Search the entries below for "OpenCascade", and copy each line where it appears.

Data extracted from a collection
——————
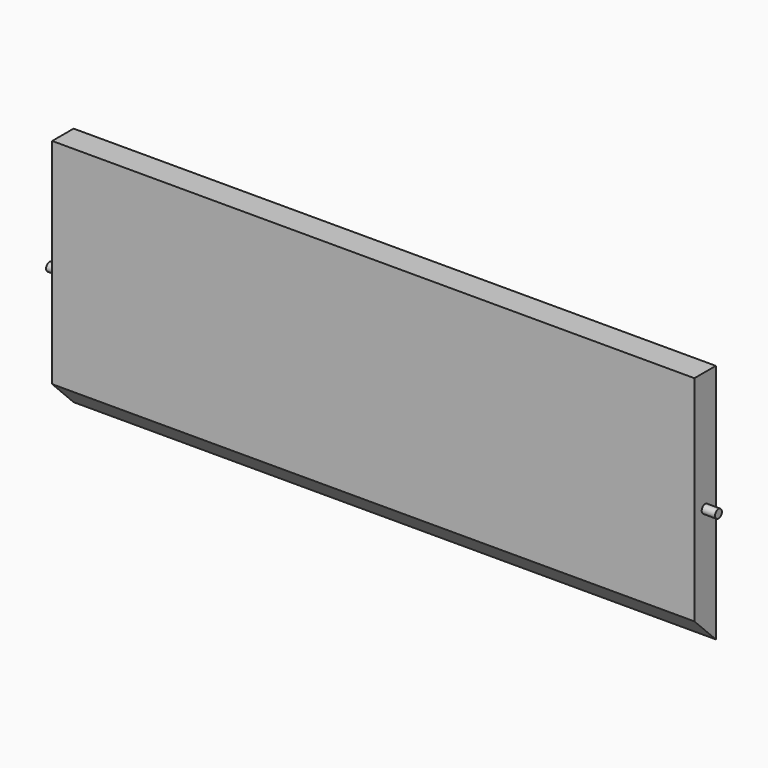
from build123d import *

# Parameters (mm, degrees)
F0_W     = 5
F0_H     = 45
F1_DEPTH = 120
F2_SIZE  = 4.99999
F3_R     = 0.8
F4_DEPTH = 2.5
F5_R     = 0.8
F6_DEPTH = 2.5


# Not quite as in the source:
# - a fillet or chamfer is up to 0.001 mm smaller than in the source, because OpenCascade refuses the exact size


with BuildPart() as f1:
    # F0 (on Right) → F1 (new body)
    with BuildSketch(Plane.YZ):
        Rectangle(F0_W, F0_H)
    extrude(amount=F1_DEPTH)

    # F2 (size 5 in the source; OpenCascade refuses exactly that, so slightly less here)
    f2_edges = [f1.edges().sort_by_distance(p)[0] for p in [
        (60, -2.5, -22.5),
    ]]
    chamfer(f2_edges, length=F2_SIZE)

    # F3 (on face) → F4 (join)
    with BuildSketch(Plane(origin=(0, 0, 0), x_dir=(0, -1, 0), z_dir=(-1, 0, 0))):
        Circle(F3_R)
    extrude(amount=F4_DEPTH)

    # F5 (on face) → F6 (join)
    with BuildSketch(Plane.YZ.offset(120)):
        Circle(F5_R)
    extrude(amount=F6_DEPTH)


solid = f1.part
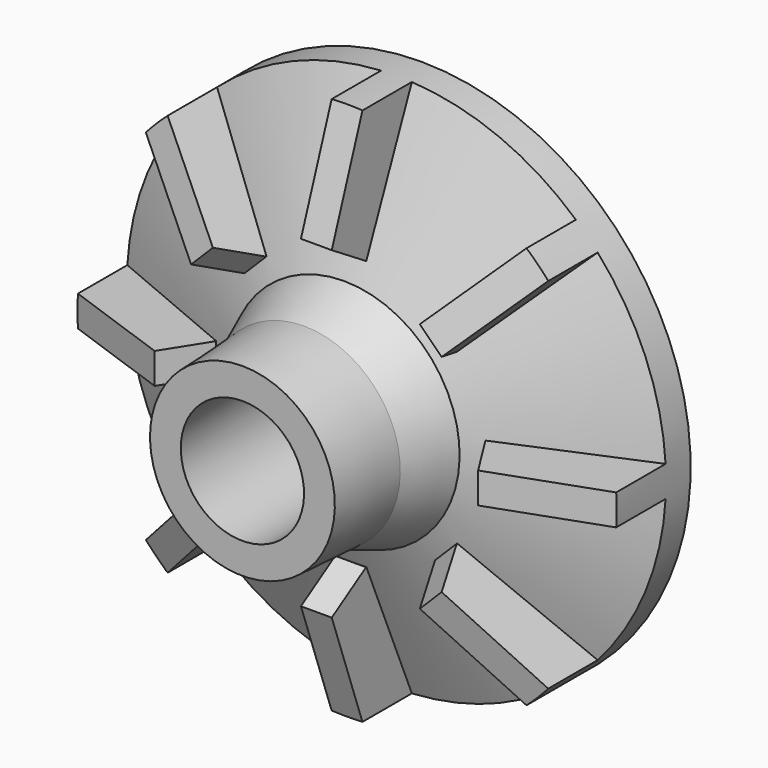
from build123d import *

# Parameters (mm, degrees)
F3_DEPTH        = 2
F3_COPIES_COUNT = 8
F4_W            = 13
F4_H            = 2


# Not quite as in the source:
# - a pattern or mirror of a feature is missing from the dataset's text; its kind, count and spacing are read off the source's solid


with BuildPart() as f1:
    # F0 (on Right) → F1 (revolve)
    with BuildSketch(Plane.YZ):
        Polygon((0, 12), (0, 8), (19.8, 8), (19.8, 15), (22.3, 15), (27.8, 32.7), (29, 32.7), (29, 35), (25, 35), (16.5, 15), (10, 12.5), align=None)
    revolve(axis=Axis((0, 14.5, 0), (0, 1, 0)))

    # F2 (on Right) → F3 (join, symmetric)
    with BuildSketch(Plane.YZ):
        Polygon((27, 35), (25, 35), (17, 35), (12, 21), (17.5625, 17.5), (19.5625, 17.5), align=None)
    f3 = extrude(amount=F3_DEPTH, both=True)

    # F3_copies: F3 ×8 about axis
    f3_copies_axis = Axis((0, 0, 0), (0, 1, 0))
    for i in range(1, F3_COPIES_COUNT):
        add(f3.rotate(f3_copies_axis, i * 360 / F3_COPIES_COUNT))

    # F4 (on Right) → F5 (revolve, cut)
    with BuildSketch(Plane.YZ):
        with Locations((22.5, 36)):
            Rectangle(F4_W, F4_H)
    revolve(axis=Axis((0, 14.5, 0), (0, 1, 0)), mode=Mode.SUBTRACT)


solid = f1.part
——————
▸ ANSWER TO THIS TASK:
# - a fillet or chamfer is up to 0.001 mm smaller than in the source, because OpenCascade refuses the exact size
    # F2 (size 5 in the source; OpenCascade refuses exactly that, so slightly less here)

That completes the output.